- PROBLEM DETAILS: In the listing below, how many lines hold the string "UseSnubber"? Reply with the number and nothing else.

- PROVIDED MATERIAL:
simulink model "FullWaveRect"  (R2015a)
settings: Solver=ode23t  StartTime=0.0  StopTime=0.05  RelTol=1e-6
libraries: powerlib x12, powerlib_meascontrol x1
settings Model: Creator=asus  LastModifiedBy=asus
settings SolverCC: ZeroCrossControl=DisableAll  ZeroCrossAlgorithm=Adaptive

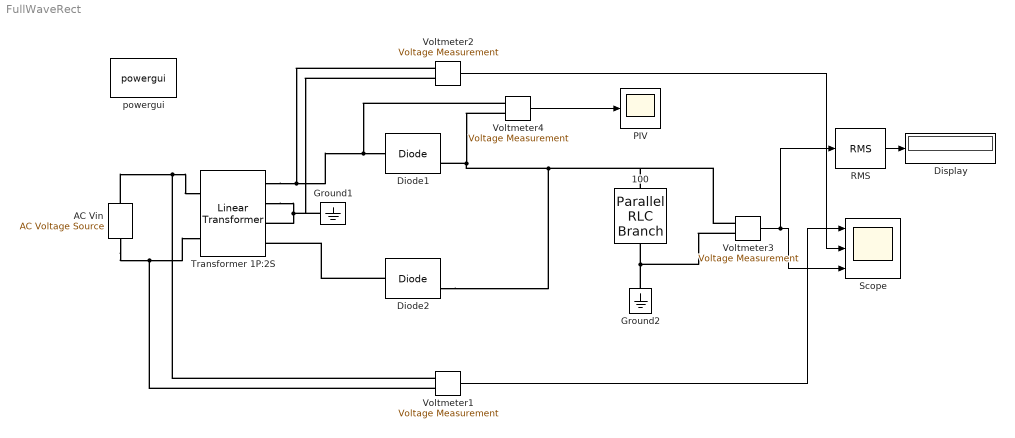
== system FullWaveRect ==
  "100 " : powerlib/Elements/Parallel RLC Branch  LConnTagsString=a  RConnTagsString=__new0  BranchType=R  Resistance=100  Inductance=1e-3  SetiL0=off  InitialCurrent=0  Capacitance=100e-6  Setx0=off  InitialVoltage=0  Measurements=None
  AC Vin : powerlib/Electrical Sources/AC Voltage Source  Amplitude=220*sqrt(2)  Phase=0  Frequency=60  SampleTime=0  Measurements=None
  Diode1 : powerlib/Power Electronics/Diode  Ron=0.001  Lon=0  Vf=0.8  IC=0  UseSnubber=off  Rs=0  Cs=0  Measurements=on
  Diode2 : powerlib/Power Electronics/Diode  Ron=0.001  Lon=0  Vf=0.8  IC=0  UseSnubber=off  Rs=0  Cs=0  Measurements=on
  Display : Display
  Ground1 : powerlib/Elements/Ground  LConnTagsString=a
  Ground2 : powerlib/Elements/Ground  LConnTagsString=a
  PIV : Scope
      settings: TimeRange=0.04999000000000001  YMin=-20  YMax=20
  RMS : powerlib_meascontrol/Measurements/RMS  TrueRMS=on  Freq=60  RMSInit=120  Ts=0
  Scope : Scope  NumInputPorts=3
      settings: TimeRange=0.04999000000000001  YMin=-20~-20~13  YMax=20~20~15
  Transformer 1P:2S : powerlib/Elements/Linear Transformer  UNITS=SI  NominalPower=[ 250e6 60 ]  winding1=[220 0 0]  winding2=[12 0 0]  ThreeWindings=on  winding3=[12 0 0]  RmLm=[inf inf]  Measurements=None  DataType=on
  Voltmeter{1..4} (4 alike) : powerlib/Measurements/Voltage Measurement  PhasorSimulation=off  OutputType=Complex  PSBequivalent=0
  powergui : powerlib/powergui  Priority=1  SimulationMode=Discrete  SolverType=Tustin/Backward Euler (TBE)  SampleTime=10e-6  frequency=60  SPID=off  DisableSnubberDevices=off  DisableRonSwitches=off  DisableVfSwitches=off  SwTol=0  DisplayEquations=off  Interpol=off  methode=off  Ts=100  FunctionMessages=off  echomessages=off  HookPort=off  EnableUseOfTLC=off  x0status=blocks  frequencyindice=60  Pbase=100e6  ErrMax=1e-4  Iterations=50  UnitsV=kV  UnitsW=MW  buscounter=0  RestoreLinks=warning  ResistiveCurrentMeasurement=off  Frange=[0:2:500]  Ylog=off  Xlog=on  ShowGrid=off  save=off  variable=ZData  structure=0  ZoomFFT=off  StartTime=0.0  cycles=1  DisplayStyle=1  fundamental=60  FreqAxis=off  MaxFrequency=1000  frequencyindicesteady=1  RmsSteady=1  display=off
  wires:
  Voltmeter2/1 -> Scope/2
  Voltmeter1/1 -> Scope/1
  RMS/1 -> Display/1
  Voltmeter3/1 -> RMS/1, Scope/3
  Voltmeter4/1 -> PIV/1
  connections:
  Transformer 1P:2S/RConn2 -- Voltmeter2/LConn2 -- Ground1/LConn1 -- Transformer 1P:2S/RConn3
  Diode2/LConn1 -- Transformer 1P:2S/RConn4
  Transformer 1P:2S/RConn1 -- Voltmeter2/LConn1 -- Voltmeter4/LConn1 -- Diode1/LConn1
  Ground2/LConn1 -- Voltmeter3/LConn2 -- "100 "/RConn1
  AC Vin/RConn1 -- Voltmeter1/LConn1 -- Transformer 1P:2S/LConn1
  AC Vin/LConn1 -- Voltmeter1/LConn2 -- Transformer 1P:2S/LConn2
  Diode2/RConn1 -- Voltmeter3/LConn1 -- "100 "/LConn1 -- Voltmeter4/LConn2 -- Diode1/RConn1

- ANSWER SECTION: 2